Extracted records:
┄┄┄┄┄┄┄┄┄┄┄┄┄┄┄┄┄┄┄┄

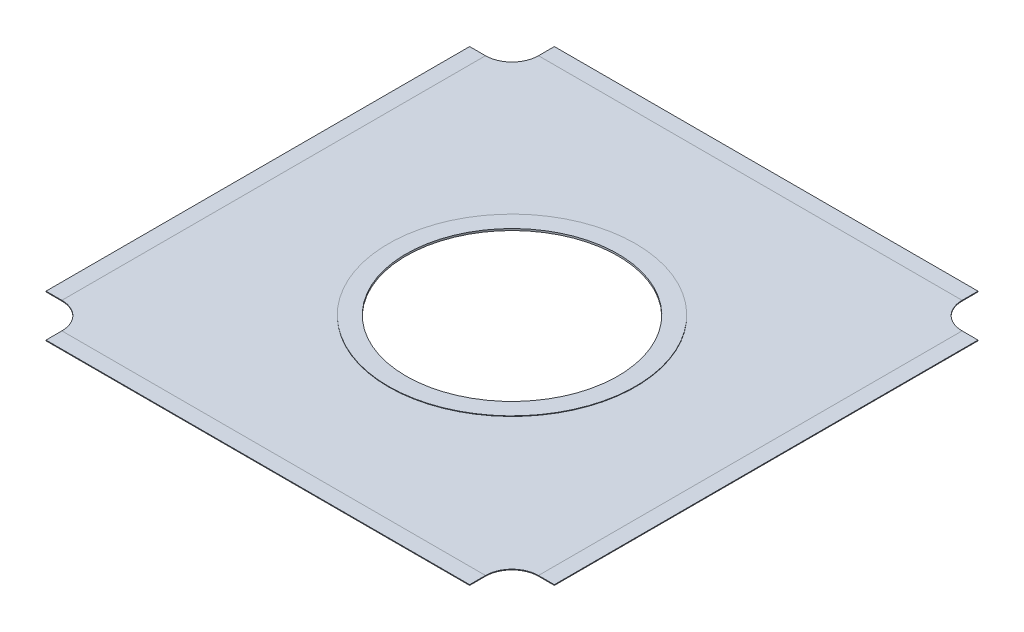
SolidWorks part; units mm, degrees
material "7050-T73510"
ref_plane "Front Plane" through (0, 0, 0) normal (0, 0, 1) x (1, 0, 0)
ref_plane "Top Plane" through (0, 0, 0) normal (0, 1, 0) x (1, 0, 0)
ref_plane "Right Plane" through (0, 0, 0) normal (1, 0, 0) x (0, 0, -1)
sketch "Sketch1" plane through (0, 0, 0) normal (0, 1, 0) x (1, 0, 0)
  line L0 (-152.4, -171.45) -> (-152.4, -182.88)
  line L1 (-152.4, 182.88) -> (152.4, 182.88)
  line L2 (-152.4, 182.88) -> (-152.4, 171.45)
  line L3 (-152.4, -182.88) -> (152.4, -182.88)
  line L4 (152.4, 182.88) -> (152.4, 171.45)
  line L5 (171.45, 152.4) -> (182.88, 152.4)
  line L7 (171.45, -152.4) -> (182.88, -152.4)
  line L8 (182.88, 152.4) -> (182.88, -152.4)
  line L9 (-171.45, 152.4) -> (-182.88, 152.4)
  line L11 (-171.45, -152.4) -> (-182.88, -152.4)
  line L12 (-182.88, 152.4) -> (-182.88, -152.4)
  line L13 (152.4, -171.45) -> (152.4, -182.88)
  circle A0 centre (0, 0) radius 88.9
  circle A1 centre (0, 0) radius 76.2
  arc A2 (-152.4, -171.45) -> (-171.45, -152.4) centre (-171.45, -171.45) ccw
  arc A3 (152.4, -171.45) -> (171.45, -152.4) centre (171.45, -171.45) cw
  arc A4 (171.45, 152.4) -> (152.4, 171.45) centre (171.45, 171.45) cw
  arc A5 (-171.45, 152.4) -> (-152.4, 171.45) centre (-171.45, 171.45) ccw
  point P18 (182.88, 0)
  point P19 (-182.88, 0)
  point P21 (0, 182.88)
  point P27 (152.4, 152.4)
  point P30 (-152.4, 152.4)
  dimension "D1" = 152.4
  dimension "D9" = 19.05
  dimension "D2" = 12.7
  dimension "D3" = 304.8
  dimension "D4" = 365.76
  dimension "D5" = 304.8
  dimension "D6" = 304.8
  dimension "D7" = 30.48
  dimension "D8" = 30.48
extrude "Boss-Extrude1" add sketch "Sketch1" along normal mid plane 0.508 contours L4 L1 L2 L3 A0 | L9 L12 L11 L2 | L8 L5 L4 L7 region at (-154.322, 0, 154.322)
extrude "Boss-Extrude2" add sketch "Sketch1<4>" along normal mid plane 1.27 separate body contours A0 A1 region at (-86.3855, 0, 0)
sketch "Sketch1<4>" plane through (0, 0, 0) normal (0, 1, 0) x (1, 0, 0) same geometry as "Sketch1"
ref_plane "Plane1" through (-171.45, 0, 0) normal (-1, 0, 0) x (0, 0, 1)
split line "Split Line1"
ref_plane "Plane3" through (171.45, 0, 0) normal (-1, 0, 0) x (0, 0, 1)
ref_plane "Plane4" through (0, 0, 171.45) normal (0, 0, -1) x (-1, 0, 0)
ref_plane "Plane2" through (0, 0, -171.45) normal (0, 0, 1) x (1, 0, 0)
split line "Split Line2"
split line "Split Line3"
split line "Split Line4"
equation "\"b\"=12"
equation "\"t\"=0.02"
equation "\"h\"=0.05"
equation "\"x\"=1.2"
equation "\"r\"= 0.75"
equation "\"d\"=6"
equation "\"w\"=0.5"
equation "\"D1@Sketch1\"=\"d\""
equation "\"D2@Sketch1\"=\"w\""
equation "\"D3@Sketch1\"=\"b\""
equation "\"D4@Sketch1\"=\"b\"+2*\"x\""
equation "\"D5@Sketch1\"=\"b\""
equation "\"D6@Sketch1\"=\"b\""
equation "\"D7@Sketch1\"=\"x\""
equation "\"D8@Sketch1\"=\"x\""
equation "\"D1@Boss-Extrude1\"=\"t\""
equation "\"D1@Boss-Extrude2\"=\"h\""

┄┄┄┄┄┄┄┄┄┄┄┄┄┄┄┄┄┄┄┄

## What to do
Copy out every line of the data that includes the word "region".

## Exercise output
extrude "Boss-Extrude1" add sketch "Sketch1" along normal mid plane 0.508 contours L4 L1 L2 L3 A0 | L9 L12 L11 L2 | L8 L5 L4 L7 region at (-154.322, 0, 154.322)
extrude "Boss-Extrude2" add sketch "Sketch1<4>" along normal mid plane 1.27 separate body contours A0 A1 region at (-86.3855, 0, 0)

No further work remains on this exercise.